1 A real-world example from a large multinational company that does not manufacture PFAS illustrates this point. This company indicated that over the last two years, it imported items covered by nearly 3,200 unique Harmonized Tariff Schedule (HTS) codes in over 2,300 shipments. Extrapolating to 10 years, this could result in more than 11,500 shipments. Import records (currently maintained on the Customs and Border Protection ACE system) contain generic material and equipment descriptions associated with the HTS codes and are of limited use in identifying the presence of PFAS and requiring importers to assess the associated shipping paperwork (if the records are still available). Typical paperwork accompanying an import include the Entry Summary, Commercial Invoice, Packing List and the relevant Trade Agreement Certificate(s), if applicable. Likely, none would conclusively indicate the presence of PFAS. In this example, 30,000 plus records would need to be reviewed and little or no information regarding the presence of PFAS in articles would be discovered.

2 Id. EPA does acknowledge “that it is possible that an importer, particularly an importer of articles containing PFAS, may not have knowledge that they have imported PFAS and thus not report under the rule, even after they have conducted their due diligence under this reporting standard ….” 86 Fed. Reg. at 33,929. However, elsewhere, EPA states that if information is not known to or reasonably ascertainable by a manufacturer (or importer), “reasonable estimate[s] should be used when actual data are not available.” 86 Fed. Reg. at 33,931. This suggests that if actual data are not known to or reasonably ascertainable by a manufacturer (or importer), the manufacturer (or importer) should still file a report with “reasonable” estimates. Yet, no guidance is provided on how to generate such “reasonable” estimates, or what is “reasonable.” In the proposed regulations (at proposed §705.15), EPA appears to temper the obligation to provide “reasonable” estimates by stating: “In the event that actual data is not known to or reasonably ascertainable by the submitter, then reasonable estimates may be submitted.” (emphasis added). If importers of articles are required to report in the final rule, EPA’s regulations must be modified to explicitly state that if the data are not known to or reasonably available to the manufacturer (or importer), then the manufacturer (or importer) is not required to report. Otherwise, as currently drafted, there is no discernable standard for determining “reasonable” estimates.

3 Under other Section 8(a) regulations EPA has expressly stated that the “reasonably ascertainable” standard does not require that the respondent conduct any new testing.
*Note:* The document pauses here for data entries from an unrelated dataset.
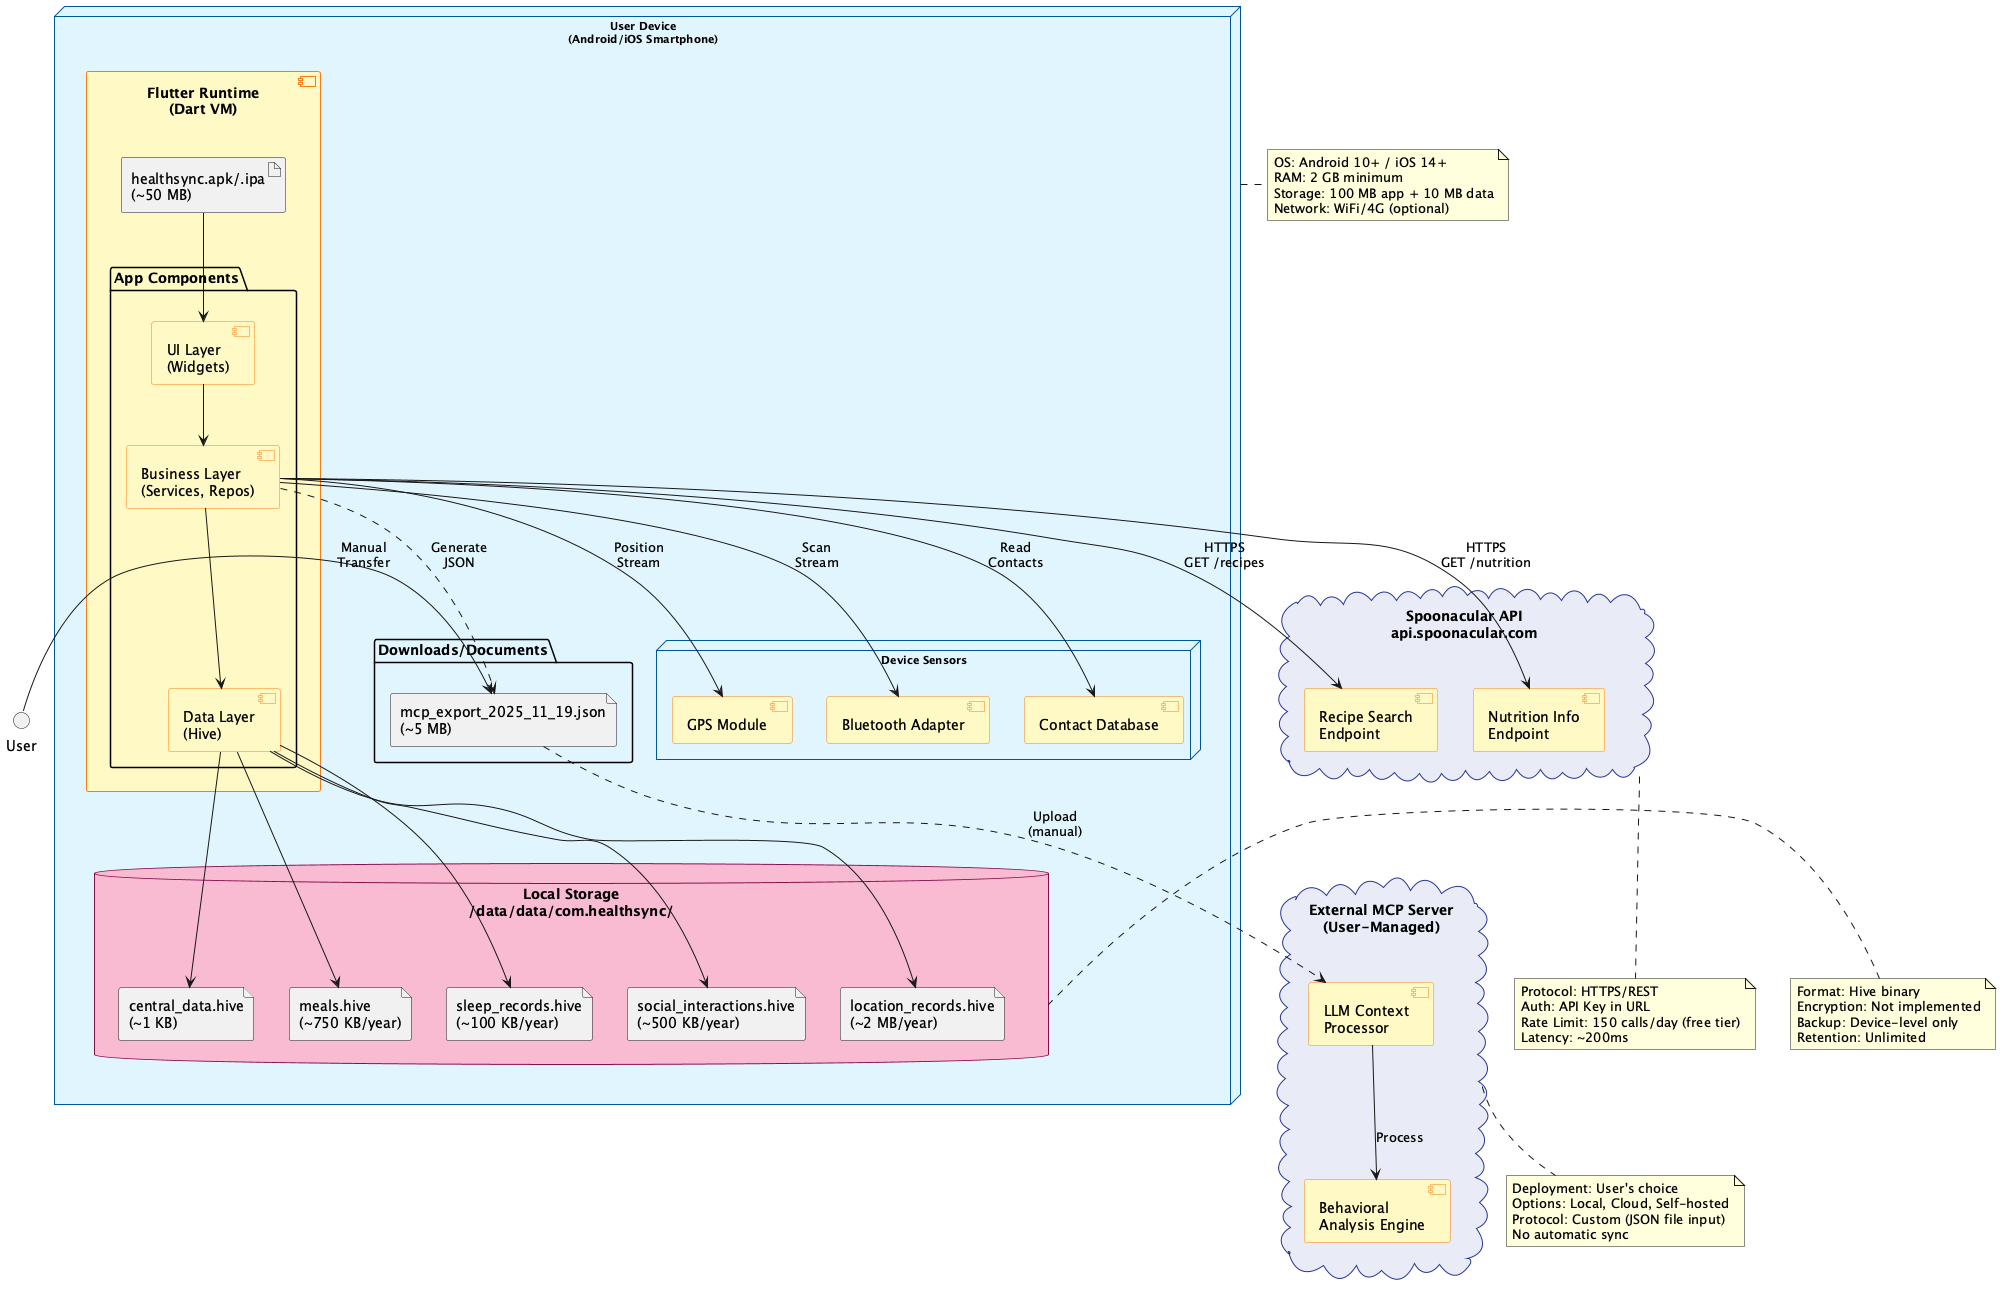

The diagram above was rendered by PlantUML. Its source (embedded in the PNG):
@startuml Deployment_Diagram

skinparam backgroundColor #FEFEFE
skinparam node {
    BackgroundColor #E1F5FE
    BorderColor #01579B
    FontSize 11
}
skinparam component {
    BackgroundColor #FFF9C4
    BorderColor #F57F17
}
skinparam database {
    BackgroundColor #F8BBD0
    BorderColor #880E4F
}
skinparam cloud {
    BackgroundColor #E8EAF6
    BorderColor #283593
}

node "User Device\n(Android/iOS Smartphone)" as Device {

    component "Flutter Runtime\n(Dart VM)" as Flutter {

        artifact "healthsync.apk/.ipa\n(~50 MB)" as App

        package "App Components" {
            component "UI Layer\n(Widgets)" as UILayer
            component "Business Layer\n(Services, Repos)" as BizLayer
            component "Data Layer\n(Hive)" as DataLayer
        }
    }

    database "Local Storage\n/data/data/com.healthsync/" as Storage {
        file "central_data.hive\n(~1 KB)" as CentralDB
        file "meals.hive\n(~750 KB/year)" as MealsDB
        file "sleep_records.hive\n(~100 KB/year)" as SleepDB
        file "social_interactions.hive\n(~500 KB/year)" as SocialDB
        file "location_records.hive\n(~2 MB/year)" as LocationDB
    }

    node "Device Sensors" as Sensors {
        component "GPS Module" as GPS
        component "Bluetooth Adapter" as BT
        component "Contact Database" as Contacts
    }

    folder "Downloads/Documents" as Downloads {
        file "mcp_export_2025_11_19.json\n(~5 MB)" as ExportFile
    }
}

cloud "Spoonacular API\napi.spoonacular.com" as SpoonAPI {
    component "Recipe Search\nEndpoint" as RecipeAPI
    component "Nutrition Info\nEndpoint" as NutritionAPI
}

cloud "External MCP Server\n(User-Managed)" as MCPServer {
    component "LLM Context\nProcessor" as LLMProcessor
    component "Behavioral\nAnalysis Engine" as AnalysisEngine
}

' Connections
App --> UILayer
UILayer --> BizLayer
BizLayer --> DataLayer

DataLayer --> CentralDB
DataLayer --> MealsDB
DataLayer --> SleepDB
DataLayer --> SocialDB
DataLayer --> LocationDB

BizLayer --> GPS : Position\nStream
BizLayer --> BT : Scan\nStream
BizLayer --> Contacts : Read\nContacts

BizLayer --> RecipeAPI : HTTPS\nGET /recipes
BizLayer --> NutritionAPI : HTTPS\nGET /nutrition

BizLayer ..> ExportFile : Generate\nJSON

User -> ExportFile : Manual\nTransfer
ExportFile ..> LLMProcessor : Upload\n(manual)
LLMProcessor --> AnalysisEngine : Process

note right of Device
  OS: Android 10+ / iOS 14+
  RAM: 2 GB minimum
  Storage: 100 MB app + 10 MB data
  Network: WiFi/4G (optional)
end note

note right of Storage
  Format: Hive binary
  Encryption: Not implemented
  Backup: Device-level only
  Retention: Unlimited
end note

note bottom of SpoonAPI
  Protocol: HTTPS/REST
  Auth: API Key in URL
  Rate Limit: 150 calls/day (free tier)
  Latency: ~200ms
end note

note bottom of MCPServer
  Deployment: User's choice
  Options: Local, Cloud, Self-hosted
  Protocol: Custom (JSON file input)
  No automatic sync
end note

@enduml

See, e.g., Working Guidance on EPA’s Section 8(a) Information Gathering Rule on Nanomaterials in Commerce (August 2017) at 8. EPA should clarify that new testing also is not required under the Section 8(a)(7) rule to satisfy the “reasonably ascertainable” standard. Indeed, such a requirement would be impossible to comply with. In this regard, we note that the White House has concluded that it is “not feasible” to test a list of fewer than two dozen categories of articles procured by the Department of Defense to ascertain whether PFAS compounds are present in those articles. See Executive Office of the President, Office of Management and Budget, Statement of Administration Policy: H.R. 4350 – National Defense Authorization Act for Fiscal Year 2022 (September 21, 2021) at 4. It is certainly not feasible for companies that import thousands of articles and components to conduct such testing.

4 See TSCA Section No

5 Long Chain PFAS SNUR Guidance, Page 7 (January 19, 2021) EPA Guidance, RIN 2070-ZA23.